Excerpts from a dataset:
────────────────────
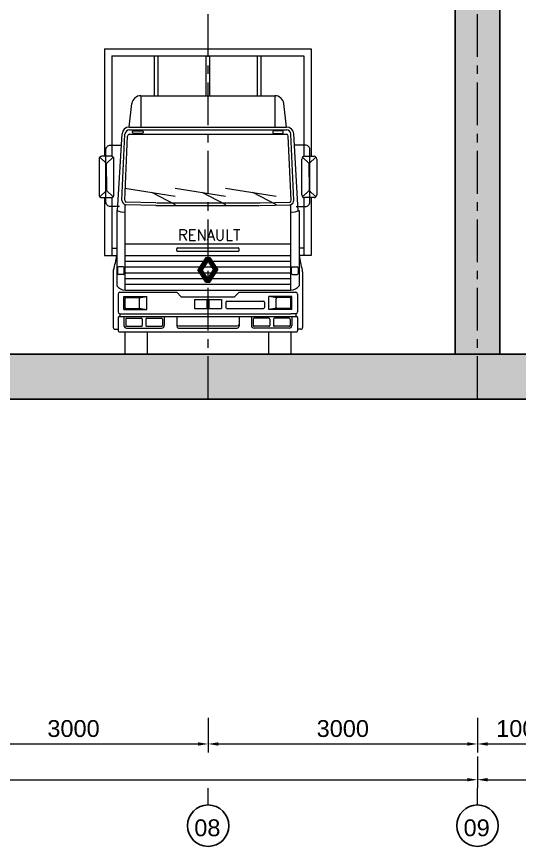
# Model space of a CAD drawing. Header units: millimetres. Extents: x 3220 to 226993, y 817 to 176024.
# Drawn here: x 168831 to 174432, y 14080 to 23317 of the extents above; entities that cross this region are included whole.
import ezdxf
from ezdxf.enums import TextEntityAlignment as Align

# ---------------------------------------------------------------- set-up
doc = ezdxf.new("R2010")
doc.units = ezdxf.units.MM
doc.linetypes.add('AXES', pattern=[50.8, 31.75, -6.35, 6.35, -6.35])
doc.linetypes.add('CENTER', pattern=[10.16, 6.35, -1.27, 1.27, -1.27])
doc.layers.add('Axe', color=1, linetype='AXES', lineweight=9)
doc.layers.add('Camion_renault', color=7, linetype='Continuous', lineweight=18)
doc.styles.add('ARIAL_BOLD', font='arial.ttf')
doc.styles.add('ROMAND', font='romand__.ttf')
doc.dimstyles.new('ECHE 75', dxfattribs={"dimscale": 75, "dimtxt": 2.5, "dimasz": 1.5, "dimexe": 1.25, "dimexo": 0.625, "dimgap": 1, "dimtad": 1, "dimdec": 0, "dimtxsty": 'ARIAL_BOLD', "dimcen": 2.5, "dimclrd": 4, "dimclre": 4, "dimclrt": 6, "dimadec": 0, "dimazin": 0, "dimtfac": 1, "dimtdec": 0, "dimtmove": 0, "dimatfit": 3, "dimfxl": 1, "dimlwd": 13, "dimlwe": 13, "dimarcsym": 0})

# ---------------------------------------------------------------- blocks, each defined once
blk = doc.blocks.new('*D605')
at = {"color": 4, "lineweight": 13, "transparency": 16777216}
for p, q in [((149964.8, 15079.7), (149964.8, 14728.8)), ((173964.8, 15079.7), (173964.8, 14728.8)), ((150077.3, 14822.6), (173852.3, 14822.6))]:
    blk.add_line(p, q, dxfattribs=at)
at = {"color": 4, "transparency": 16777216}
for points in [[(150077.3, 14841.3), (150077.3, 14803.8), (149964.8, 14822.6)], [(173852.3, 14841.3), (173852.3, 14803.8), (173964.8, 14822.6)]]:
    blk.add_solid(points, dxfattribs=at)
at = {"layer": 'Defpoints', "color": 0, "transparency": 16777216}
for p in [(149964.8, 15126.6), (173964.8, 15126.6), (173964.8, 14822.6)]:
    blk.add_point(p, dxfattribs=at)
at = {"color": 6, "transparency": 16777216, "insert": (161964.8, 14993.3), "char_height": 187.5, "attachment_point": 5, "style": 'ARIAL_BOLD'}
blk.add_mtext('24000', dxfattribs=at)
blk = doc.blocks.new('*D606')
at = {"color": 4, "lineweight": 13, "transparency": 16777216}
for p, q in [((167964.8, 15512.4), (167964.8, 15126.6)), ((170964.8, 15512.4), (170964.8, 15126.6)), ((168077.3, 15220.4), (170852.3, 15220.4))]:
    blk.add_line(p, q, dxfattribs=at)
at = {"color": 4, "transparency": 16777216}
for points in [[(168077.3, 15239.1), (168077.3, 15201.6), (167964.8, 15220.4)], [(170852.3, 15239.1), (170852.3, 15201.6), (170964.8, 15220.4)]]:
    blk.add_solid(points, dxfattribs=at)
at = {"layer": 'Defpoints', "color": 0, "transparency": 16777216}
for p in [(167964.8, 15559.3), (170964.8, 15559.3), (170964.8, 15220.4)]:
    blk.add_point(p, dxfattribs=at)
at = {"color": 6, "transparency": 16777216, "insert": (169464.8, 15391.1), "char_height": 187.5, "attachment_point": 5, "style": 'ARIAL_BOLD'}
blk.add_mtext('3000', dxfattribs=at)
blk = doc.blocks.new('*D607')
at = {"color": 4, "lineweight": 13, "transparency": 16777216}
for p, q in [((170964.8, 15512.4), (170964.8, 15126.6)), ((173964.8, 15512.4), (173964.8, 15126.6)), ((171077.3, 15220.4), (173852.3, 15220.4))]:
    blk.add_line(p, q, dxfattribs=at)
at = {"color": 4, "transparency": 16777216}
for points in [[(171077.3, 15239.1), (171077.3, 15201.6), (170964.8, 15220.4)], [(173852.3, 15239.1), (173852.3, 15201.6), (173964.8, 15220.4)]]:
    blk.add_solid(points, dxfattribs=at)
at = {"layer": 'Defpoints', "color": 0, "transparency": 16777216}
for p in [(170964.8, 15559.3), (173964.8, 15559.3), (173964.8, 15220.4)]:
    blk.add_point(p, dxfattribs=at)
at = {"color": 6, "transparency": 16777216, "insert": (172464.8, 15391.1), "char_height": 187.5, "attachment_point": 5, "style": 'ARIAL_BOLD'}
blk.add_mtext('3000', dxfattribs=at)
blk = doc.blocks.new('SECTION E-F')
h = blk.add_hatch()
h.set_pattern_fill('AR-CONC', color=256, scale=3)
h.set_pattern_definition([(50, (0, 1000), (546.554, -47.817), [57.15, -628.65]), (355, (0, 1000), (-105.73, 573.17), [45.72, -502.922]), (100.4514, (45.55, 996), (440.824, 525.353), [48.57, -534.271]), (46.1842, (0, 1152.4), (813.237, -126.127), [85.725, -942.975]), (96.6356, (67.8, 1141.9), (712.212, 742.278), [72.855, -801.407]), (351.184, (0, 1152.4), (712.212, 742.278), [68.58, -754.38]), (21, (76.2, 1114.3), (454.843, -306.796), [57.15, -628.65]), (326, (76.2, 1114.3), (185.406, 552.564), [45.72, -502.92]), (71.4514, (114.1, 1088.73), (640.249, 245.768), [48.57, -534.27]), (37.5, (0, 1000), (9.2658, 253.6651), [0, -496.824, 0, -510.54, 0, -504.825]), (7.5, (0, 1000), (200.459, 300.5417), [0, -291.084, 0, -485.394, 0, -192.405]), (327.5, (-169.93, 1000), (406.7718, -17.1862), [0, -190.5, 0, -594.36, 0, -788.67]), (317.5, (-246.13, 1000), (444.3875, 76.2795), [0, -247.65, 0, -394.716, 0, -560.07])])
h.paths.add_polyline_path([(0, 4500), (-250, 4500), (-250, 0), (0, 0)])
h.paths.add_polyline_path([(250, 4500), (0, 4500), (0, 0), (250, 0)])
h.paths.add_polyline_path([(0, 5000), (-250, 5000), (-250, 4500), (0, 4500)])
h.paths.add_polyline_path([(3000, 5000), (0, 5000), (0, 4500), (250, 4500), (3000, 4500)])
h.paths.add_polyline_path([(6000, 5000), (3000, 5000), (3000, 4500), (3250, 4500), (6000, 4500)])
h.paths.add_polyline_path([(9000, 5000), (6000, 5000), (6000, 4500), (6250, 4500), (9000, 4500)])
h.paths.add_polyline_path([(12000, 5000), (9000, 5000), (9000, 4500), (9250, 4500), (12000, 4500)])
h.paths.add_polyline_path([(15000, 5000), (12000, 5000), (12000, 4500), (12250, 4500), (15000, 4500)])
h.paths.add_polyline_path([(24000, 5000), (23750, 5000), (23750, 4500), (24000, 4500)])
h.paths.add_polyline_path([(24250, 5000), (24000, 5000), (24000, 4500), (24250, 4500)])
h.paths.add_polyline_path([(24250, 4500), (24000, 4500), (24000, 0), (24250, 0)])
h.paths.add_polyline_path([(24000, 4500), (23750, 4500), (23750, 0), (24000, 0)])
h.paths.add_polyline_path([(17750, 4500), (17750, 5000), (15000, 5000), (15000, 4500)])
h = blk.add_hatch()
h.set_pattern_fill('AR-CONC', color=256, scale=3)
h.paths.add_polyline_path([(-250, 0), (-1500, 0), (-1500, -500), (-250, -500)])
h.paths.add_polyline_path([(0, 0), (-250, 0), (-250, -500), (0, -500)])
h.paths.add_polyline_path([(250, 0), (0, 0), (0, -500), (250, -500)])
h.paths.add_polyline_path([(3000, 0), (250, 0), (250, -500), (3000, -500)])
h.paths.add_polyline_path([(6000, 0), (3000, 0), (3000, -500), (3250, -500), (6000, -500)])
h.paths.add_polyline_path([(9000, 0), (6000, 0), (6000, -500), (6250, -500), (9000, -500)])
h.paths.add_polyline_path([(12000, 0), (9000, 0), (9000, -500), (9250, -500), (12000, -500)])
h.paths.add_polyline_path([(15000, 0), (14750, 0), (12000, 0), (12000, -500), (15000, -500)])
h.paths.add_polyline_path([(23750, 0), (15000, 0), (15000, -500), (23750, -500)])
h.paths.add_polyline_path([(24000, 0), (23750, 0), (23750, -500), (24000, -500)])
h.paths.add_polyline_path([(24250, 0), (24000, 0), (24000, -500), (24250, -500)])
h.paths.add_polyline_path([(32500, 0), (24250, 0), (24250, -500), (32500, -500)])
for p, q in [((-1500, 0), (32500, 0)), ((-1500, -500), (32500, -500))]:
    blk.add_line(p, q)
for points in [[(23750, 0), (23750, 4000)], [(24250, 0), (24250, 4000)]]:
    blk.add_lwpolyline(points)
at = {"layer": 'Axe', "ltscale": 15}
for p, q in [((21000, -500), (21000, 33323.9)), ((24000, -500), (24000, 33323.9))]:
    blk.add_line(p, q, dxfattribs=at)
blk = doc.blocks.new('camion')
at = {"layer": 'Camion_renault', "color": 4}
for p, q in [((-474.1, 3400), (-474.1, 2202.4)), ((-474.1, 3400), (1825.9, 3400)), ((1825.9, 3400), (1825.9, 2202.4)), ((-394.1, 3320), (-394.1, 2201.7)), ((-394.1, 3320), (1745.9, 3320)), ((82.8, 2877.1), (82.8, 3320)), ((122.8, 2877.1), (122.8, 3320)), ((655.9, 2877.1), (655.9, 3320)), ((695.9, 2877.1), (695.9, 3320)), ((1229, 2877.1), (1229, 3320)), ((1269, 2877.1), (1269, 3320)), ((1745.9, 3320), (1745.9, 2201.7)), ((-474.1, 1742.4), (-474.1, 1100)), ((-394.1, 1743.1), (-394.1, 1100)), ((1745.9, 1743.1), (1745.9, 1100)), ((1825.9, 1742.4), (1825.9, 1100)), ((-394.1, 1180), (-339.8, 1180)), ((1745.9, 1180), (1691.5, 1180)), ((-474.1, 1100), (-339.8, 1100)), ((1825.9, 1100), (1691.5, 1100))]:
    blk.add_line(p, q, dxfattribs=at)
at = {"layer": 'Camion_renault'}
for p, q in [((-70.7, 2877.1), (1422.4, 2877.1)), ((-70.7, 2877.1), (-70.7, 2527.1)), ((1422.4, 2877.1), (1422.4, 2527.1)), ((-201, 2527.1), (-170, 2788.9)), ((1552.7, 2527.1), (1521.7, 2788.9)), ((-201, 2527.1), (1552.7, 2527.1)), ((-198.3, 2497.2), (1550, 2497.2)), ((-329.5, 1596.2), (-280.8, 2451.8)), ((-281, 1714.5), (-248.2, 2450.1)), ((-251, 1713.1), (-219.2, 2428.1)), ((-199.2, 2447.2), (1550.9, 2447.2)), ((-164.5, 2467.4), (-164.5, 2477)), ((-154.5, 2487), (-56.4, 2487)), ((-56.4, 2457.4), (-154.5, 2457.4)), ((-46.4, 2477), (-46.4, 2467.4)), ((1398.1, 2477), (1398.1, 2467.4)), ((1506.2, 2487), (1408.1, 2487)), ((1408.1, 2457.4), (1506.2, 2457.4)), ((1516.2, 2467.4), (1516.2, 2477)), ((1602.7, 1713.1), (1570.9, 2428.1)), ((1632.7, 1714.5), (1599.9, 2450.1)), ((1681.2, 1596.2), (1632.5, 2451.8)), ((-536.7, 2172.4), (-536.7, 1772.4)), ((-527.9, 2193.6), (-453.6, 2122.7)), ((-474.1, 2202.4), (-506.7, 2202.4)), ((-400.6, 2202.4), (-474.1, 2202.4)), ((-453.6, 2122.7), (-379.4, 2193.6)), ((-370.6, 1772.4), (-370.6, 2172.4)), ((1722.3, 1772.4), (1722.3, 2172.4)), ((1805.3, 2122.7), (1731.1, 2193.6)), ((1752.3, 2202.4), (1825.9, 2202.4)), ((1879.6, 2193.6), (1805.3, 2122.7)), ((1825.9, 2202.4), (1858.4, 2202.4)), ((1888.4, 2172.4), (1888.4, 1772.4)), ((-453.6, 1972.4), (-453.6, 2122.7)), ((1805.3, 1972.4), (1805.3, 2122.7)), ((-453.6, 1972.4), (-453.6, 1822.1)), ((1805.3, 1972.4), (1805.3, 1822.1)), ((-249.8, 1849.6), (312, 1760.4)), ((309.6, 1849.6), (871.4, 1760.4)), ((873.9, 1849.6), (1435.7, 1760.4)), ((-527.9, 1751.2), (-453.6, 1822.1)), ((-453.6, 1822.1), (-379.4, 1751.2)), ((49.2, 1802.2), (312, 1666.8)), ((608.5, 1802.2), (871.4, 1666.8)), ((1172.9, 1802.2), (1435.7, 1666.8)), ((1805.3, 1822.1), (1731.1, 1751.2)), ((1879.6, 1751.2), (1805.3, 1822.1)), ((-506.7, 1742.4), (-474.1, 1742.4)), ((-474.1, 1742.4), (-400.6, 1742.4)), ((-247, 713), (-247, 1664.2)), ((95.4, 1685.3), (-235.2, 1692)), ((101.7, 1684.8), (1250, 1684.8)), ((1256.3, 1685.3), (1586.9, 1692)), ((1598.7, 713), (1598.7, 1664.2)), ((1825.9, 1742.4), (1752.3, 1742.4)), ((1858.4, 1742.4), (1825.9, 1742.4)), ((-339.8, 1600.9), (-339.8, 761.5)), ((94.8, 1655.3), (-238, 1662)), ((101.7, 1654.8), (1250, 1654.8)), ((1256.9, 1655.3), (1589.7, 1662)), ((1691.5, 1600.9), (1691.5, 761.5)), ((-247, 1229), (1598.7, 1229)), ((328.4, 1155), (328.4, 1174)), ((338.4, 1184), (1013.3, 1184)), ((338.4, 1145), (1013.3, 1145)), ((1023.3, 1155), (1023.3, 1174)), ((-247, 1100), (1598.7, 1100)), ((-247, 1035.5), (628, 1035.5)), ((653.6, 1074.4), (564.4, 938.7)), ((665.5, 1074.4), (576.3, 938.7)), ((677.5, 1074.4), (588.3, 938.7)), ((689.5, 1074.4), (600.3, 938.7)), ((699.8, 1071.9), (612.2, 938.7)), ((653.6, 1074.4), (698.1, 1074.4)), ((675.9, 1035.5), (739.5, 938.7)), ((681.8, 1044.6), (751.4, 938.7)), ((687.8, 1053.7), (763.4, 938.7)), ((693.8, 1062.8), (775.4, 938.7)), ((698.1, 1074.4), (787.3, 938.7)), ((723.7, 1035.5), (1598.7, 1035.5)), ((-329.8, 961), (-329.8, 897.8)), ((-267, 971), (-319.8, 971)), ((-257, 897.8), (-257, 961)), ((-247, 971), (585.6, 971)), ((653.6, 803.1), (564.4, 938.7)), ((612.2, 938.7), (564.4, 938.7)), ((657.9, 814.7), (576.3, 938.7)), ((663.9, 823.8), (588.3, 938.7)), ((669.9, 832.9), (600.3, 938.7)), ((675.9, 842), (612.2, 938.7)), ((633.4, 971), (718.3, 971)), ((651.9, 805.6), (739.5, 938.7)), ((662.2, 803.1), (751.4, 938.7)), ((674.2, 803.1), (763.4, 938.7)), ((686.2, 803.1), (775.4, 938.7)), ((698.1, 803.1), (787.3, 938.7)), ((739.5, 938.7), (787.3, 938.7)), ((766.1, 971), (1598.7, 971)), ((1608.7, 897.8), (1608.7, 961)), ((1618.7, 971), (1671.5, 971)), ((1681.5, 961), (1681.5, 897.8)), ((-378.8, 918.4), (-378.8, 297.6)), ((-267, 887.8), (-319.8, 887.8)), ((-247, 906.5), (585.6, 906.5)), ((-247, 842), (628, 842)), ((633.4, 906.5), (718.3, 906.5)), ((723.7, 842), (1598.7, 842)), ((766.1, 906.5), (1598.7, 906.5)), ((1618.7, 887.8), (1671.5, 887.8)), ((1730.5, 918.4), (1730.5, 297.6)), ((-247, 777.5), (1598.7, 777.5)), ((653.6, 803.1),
────────────────────
Task details: Above are the lines; repeat exactly the ones from the line containing "color=7, linetype='Continuous', lineweight=18)" down to the line containing "blk = doc.blocks.new('*D605')", both inclusive.

Solution for this exercise:
doc.layers.add('Camion_renault', color=7, linetype='Continuous', lineweight=18)
doc.styles.add('ARIAL_BOLD', font='arial.ttf')
doc.styles.add('ROMAND', font='romand__.ttf')
doc.dimstyles.new('ECHE 75', dxfattribs={"dimscale": 75, "dimtxt": 2.5, "dimasz": 1.5, "dimexe": 1.25, "dimexo": 0.625, "dimgap": 1, "dimtad": 1, "dimdec": 0, "dimtxsty": 'ARIAL_BOLD', "dimcen": 2.5, "dimclrd": 4, "dimclre": 4, "dimclrt": 6, "dimadec": 0, "dimazin": 0, "dimtfac": 1, "dimtdec": 0, "dimtmove": 0, "dimatfit": 3, "dimfxl": 1, "dimlwd": 13, "dimlwe": 13, "dimarcsym": 0})

# ---------------------------------------------------------------- blocks, each defined once
blk = doc.blocks.new('*D605')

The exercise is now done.